Editeur : Odile Jacob
Nombre
de pages : 243
Résumé : À mi-chemin entre l'essai et le récit
autobiographique, Penser en images est une étude sur l'identité autistique, sur ses manques, ses
faiblesses et ses forces. Il nous éclaire sur les formes d'intelligence propres
aux autistes, sur les émotions qu'ils éprouvent, sur leurs aptitudes visuelle,
mnésique, langagière ou sociale, mais aussi sur le diagnostic de l'autisme, les
derniers traitements médicaux en cours ou encore les méthodes éducatives les
plus avancées. Ce livre trace une sorte de pont entre deux mondes qui,
d'ordinaire, ne communiquent pas et nous permet de voir fonctionner, de
l'intérieur, un esprit très différent du nôtre.
- Un petit extrait -
« Les mots sont comme une seconde langue pour moi. Je traduis tous les mots, dits ou écrits, en films colorés et sonorisés ; ils défilent dans ma tête comme des cassettes vidéo. Lorsque quelqu'un me parle, ses paroles se transforment immédiatement en images. Ceux dont la pensée est structurée en langage ont souvent du mal à comprendre ce phénomène mais, dans mon métier - je conçois des équipements pour les animaux d'élevage -, penser en images est un formidable atout. »
- Mon avis sur le livre -
Trop souvent encore, lorsque le mot « autisme »

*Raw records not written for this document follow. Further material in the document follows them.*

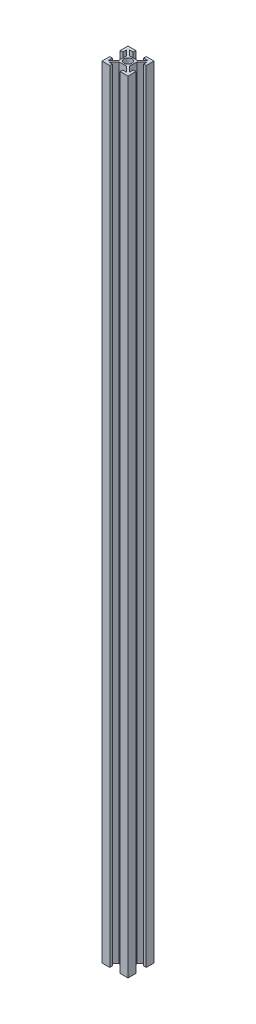
SolidWorks part; units mm, degrees
material "1060 Alloy"
ref_plane "Front Plane" through (0, 0, 0) normal (0, 0, 1) x (1, 0, 0)
ref_plane "Top Plane" through (0, 0, 0) normal (0, 1, 0) x (1, 0, 0)
ref_plane "Right Plane" through (0, 0, 0) normal (1, 0, 0) x (0, 0, -1)
sketch "2020 sketch" plane through (0, 0, 0) normal (0, 1, 0) x (1, 0, 0)
  line L0 (-4, 10) -> (-4, 8)
  line L1 (-10, 10) -> (-4, 10)
  line L2 (-10, 10) -> (-10, 4)
  line L3 (-10, -10) -> (-4, -10)
  line L4 (10, 10) -> (10, 4)
  line L5 (-10, 10) -> (10, -10) construction
  line L6 (-10, -10) -> (10, 10) construction
  line L7 (-4, 8) -> (-7, 8)
  line L8 (-7, 8) -> (-3, 4)
  line L9 (-3, 4) -> (3, 4)
  line L10 (3, 4) -> (7, 8)
  line L11 (7, 8) -> (4, 8)
  line L12 (4, 8) -> (4, 10)
  line L13 (4, 3) -> (4, -3)
  line L14 (8, 7) -> (4, 3)
  line L15 (8, 4) -> (8, 7)
  line L16 (10, 4) -> (8, 4)
  line L17 (8, -4) -> (10, -4)
  line L18 (8, -7) -> (8, -4)
  line L19 (4, -3) -> (8, -7)
  line L20 (3, -4) -> (-3, -4)
  line L21 (7, -8) -> (3, -4)
  line L22 (4, -8) -> (7, -8)
  line L23 (4, -10) -> (4, -8)
  line L24 (-4, -8) -> (-4, -10)
  line L25 (-7, -8) -> (-4, -8)
  line L26 (-3, -4) -> (-7, -8)
  line L27 (-4, -3) -> (-4, 3)
  line L28 (-8, -7) -> (-4, -3)
  line L29 (-8, -4) -> (-8, -7)
  line L30 (-10, -4) -> (-8, -4)
  line L31 (-8, 4) -> (-10, 4)
  line L32 (-8, 7) -> (-8, 4)
  line L33 (-4, 3) -> (-8, 7)
  line L34 (-10, -4) -> (-10, -10)
  line L35 (10, -4) -> (10, -10)
  line L36 (4, 10) -> (10, 10)
  line L37 (4, -10) -> (10, -10)
  circle A0 centre (0, 0) radius 3
  point P0 (0, 0)
  point P14 (4, 9)
  point P42 (0, 0)
  dimension "D9" = 6
  dimension "D1" = 20
  dimension "D2" = 20
  dimension "D3" = 8
  dimension "D4" = 6
  dimension "D5" = 6
  dimension "D6" = 2
  dimension "D7" = 4
  dimension "D8" = 4
extrude "Boss-Extrude1" add sketch "2020 sketch" along normal blind 600 contours A0 | L28 L27 L33 L32 L31 L2 L1 L0 L7 L8 L9 L10 L11 L12 L36 L4 L16 L15 L14 L13 L19 L18 L17 L35 L37 L23 L22 L21 L20 L26 L25 L24 L3 L34 L30 L29

est prononcé, deux images s’imposent à l’esprit de l’imaginaire collectif :
soit le petit gamin qui bave en se tapant la tête contre les murs, soit le
génie qui effectue en quelques secondes de gigantesques calculs mentaux sans
jamais se tromper. On ignore bien souvent que l’autisme ne se limite pas à ces
deux extrêmes, qu’il se décline en de très multiples formes bien moins
spectaculaires mais tout aussi handicapantes. Temple Grandin fait justement
partis de ces personnes qui mettent sans cesse l’accent sur cette diversité,
sur cette pluralité de l’autisme. Elle milite également contre la « classification »
extrême dont est aujourd’hui victime l’autisme lorsqu’il s’agit du diagnostic :
selon elle, l’âge auquel l’enfant autiste a commencé à parler ne devrait pas être
l’unique critère quand il s’agit de « répartir » l’enfant dans l’une
ou l’autre « case » dont notre société est friande. Il y a autant d’autismes
que d’autistes, voilà ce qu’elle essaye de faire comprendre à son lectorat, et
il est donc parfaitement absurde à ses yeux de sans cesse vouloir mettre des
étiquettes précises …
Tandis que dans L’interprète des animaux, Temple Grandin
parlait essentiellement du comportement animal en le mettant en parallèle avec
le mode de fonctionnement induit par l’autisme, elle aborde dans cet ouvrage
plusieurs thématiques. Elle évoque ainsi tout autant la question épineuse du
diagnostic de l’autisme (quels sont les symptômes généralement retenus pour
poser ce diagnostic ? quels sont les troubles souvent confondus avec l’autisme ?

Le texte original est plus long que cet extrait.